Franz-Josef Baumeister demonstriert, wie hoch der Sattel des Fahrrads eingestellt sein sollte.

Franz-Josef Baumeister demonstriert, wie hoch der Sattel des Fahrrads eingestellt sein sollte.

Osterath. Parallelität der Ereignisse: Ein 68-jähriger Radfahrer übersah am Dienstag an der Böhler Straße in Büderich beim Wechseln von der rechten Fahrbahn auf den gegenüberliegenden Radweg einen Smart. Es kam zur Kollision, der Senior stürzte und zog sich schwere Verletzungen zu.

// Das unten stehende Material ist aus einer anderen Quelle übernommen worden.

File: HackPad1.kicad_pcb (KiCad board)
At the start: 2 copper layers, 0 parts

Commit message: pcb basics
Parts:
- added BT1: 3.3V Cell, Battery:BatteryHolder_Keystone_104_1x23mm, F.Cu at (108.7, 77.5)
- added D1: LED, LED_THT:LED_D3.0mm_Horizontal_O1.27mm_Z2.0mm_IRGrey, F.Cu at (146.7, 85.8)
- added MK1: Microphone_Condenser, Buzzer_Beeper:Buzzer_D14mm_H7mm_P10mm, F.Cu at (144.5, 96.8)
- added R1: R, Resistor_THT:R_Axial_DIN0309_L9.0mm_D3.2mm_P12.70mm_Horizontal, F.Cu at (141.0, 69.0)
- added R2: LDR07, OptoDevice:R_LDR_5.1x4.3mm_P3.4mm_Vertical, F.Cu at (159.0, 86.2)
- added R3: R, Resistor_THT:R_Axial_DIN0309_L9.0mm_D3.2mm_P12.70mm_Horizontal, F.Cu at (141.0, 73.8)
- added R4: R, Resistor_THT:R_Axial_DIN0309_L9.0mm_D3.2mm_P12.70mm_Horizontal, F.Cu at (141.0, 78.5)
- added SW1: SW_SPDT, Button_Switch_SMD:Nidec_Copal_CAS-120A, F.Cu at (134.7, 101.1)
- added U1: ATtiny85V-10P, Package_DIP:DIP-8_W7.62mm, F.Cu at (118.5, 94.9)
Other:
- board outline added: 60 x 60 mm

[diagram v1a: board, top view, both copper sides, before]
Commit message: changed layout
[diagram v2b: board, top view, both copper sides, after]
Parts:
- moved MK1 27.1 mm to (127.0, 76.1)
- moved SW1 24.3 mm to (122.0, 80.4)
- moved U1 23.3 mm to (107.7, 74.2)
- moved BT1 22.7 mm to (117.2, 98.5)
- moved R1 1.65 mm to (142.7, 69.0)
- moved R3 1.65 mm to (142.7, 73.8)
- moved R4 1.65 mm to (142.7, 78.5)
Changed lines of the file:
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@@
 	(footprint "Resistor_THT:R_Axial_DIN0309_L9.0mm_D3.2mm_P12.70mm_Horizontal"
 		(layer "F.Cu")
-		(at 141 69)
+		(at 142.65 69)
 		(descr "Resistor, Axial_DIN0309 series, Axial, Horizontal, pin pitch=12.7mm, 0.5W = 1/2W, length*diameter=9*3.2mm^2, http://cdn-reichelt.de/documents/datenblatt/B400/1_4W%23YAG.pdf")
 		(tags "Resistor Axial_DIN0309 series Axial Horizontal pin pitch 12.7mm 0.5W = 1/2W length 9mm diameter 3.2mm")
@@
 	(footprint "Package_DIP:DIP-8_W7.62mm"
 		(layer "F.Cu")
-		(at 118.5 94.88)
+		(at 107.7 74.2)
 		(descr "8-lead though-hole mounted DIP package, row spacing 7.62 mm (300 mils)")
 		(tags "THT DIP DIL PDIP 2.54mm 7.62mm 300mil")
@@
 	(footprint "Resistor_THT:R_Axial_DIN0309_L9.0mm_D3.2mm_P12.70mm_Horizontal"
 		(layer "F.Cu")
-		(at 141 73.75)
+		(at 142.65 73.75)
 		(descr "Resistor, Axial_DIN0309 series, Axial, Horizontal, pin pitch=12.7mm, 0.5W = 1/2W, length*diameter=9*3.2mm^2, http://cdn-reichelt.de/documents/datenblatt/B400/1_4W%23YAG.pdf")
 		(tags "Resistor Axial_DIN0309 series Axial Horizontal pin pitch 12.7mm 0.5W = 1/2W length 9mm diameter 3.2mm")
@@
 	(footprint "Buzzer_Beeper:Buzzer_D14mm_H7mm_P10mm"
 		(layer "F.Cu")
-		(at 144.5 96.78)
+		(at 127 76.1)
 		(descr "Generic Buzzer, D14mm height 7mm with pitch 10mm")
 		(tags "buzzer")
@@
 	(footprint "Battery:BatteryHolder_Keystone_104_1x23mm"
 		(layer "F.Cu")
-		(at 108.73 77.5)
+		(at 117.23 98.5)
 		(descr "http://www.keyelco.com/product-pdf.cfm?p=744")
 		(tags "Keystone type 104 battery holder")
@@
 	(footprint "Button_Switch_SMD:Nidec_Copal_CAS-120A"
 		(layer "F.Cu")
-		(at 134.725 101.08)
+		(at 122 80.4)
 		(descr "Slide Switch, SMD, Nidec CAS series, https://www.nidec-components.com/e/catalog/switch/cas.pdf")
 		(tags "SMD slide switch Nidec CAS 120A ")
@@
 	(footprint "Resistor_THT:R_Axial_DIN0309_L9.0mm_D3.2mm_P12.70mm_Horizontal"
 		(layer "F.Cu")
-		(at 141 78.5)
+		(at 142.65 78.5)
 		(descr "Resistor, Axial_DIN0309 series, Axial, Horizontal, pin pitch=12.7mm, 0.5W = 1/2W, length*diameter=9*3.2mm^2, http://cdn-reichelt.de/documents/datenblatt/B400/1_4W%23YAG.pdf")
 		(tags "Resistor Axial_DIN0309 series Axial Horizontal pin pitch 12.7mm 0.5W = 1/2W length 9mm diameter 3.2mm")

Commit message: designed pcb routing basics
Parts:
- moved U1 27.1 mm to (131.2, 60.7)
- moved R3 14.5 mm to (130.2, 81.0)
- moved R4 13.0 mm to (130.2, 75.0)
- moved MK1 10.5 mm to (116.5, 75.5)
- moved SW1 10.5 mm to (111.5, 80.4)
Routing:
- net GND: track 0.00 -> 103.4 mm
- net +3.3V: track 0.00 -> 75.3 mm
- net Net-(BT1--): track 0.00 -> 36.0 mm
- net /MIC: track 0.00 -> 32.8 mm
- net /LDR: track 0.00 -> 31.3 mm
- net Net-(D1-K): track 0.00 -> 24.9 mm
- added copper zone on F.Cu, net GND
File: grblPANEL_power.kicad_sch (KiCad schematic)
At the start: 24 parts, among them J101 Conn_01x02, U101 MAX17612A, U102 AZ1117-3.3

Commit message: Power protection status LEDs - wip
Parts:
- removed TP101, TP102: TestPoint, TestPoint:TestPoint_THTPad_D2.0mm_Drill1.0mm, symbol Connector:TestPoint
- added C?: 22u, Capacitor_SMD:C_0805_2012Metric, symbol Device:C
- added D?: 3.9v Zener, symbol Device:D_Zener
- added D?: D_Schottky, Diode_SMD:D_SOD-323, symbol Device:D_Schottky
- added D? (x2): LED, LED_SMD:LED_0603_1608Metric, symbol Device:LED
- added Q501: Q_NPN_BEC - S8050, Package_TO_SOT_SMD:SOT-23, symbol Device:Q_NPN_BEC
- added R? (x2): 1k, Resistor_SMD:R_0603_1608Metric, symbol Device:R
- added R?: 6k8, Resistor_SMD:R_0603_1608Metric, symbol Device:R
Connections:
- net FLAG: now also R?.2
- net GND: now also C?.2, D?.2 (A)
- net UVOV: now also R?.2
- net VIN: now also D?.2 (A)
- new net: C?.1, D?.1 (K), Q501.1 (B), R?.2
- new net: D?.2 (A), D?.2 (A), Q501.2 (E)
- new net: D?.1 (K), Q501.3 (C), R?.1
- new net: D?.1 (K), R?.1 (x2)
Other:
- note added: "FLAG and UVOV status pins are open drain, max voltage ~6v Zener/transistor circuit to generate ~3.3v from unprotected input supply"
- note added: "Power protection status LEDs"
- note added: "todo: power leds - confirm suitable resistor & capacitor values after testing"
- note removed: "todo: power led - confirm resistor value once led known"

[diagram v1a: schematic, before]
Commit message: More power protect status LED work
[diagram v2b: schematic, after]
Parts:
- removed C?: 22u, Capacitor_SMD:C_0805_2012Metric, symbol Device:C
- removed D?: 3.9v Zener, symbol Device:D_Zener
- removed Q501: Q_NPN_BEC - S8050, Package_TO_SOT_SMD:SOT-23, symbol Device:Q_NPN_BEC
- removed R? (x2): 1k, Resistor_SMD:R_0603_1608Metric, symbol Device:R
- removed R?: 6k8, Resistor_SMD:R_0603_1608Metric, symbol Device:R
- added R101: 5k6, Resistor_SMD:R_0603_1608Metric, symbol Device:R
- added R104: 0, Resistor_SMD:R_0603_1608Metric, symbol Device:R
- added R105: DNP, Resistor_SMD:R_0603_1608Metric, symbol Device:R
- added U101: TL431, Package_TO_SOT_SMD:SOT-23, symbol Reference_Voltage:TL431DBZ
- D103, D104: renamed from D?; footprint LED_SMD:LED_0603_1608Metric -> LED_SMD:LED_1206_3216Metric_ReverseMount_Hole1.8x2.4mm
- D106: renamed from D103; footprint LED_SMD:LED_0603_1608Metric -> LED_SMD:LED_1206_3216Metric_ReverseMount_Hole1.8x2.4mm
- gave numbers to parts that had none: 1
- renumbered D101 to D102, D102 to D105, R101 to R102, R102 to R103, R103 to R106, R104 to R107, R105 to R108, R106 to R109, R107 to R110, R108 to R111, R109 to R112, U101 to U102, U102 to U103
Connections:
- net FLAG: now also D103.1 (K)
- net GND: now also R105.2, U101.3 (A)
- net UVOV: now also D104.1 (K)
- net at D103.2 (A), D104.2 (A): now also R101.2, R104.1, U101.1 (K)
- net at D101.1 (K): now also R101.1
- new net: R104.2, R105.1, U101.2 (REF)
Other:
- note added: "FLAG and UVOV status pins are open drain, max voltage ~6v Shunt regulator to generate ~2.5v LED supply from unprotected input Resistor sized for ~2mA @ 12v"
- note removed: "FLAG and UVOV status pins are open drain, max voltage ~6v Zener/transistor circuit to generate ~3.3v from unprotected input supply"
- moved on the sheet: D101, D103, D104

"Das ist so ein Fall, vor dem ich immer warne. Die Leute schauen sich einfach nicht um und fühlen sich unangreifbar", erzählt Franz-Josef Baumeister, bei der Polizei der Experte für Verkehrssicherheit. An Meerbuscher Schulen führt er regelmäßig ein Verhaltenstraining inklusive Fahrübungen durch, seit 2008 aber auch für Senioren. Nicht ohne Grund: An den 446 Verkehrsunfällen im vergangenen Jahr in Meerbusch waren 93 Senioren beteiligt, 38 waren mit dem Rad unterwegs, fünf wurden schwer verletzt.

In dieser Woche wird die Aktion "Sicher im Sattel" in Theorie und Praxis zum zweiten Mal durchgeführt. Am Montag war Büderich mit 25 Teilnehmern, am Dienstag dann Osterath mit etwas weniger Senioren an der Reihe. "Es sind letztlich stets die gleichen Dinge, auf die ich hinweise. Allerdings verlagern sich die Schwerpunkte", sagt Baumeister.


 

Kreisverkehre erleben einen regelrechten Boom - auch in Meerbusch. Vielfaches Achselzucken war die Reaktion der rüstigen Senioren, als der Polizist nach dem richtigen Verhalten in den Kreiseln fragte. Achten sollte man vor allem darauf, ob der Kreisverkehr mit einem Schild angekündigt wird. "Dann hat man innen Vorfahrt, ansonsten gilt rechts vor links", erläutert der Experte.

Abends ein paar Bierchen trinken und dann fröhlich nach Hause radeln - das kann den Führerschein kosten. "Und das gilt nicht nur ab einer Promillegrenze von 1,6. Wer einen Unfall verursacht oder auch nur Ausfallerscheinungen zeigt, kann belangt werden", warnt der Ordnungshüter.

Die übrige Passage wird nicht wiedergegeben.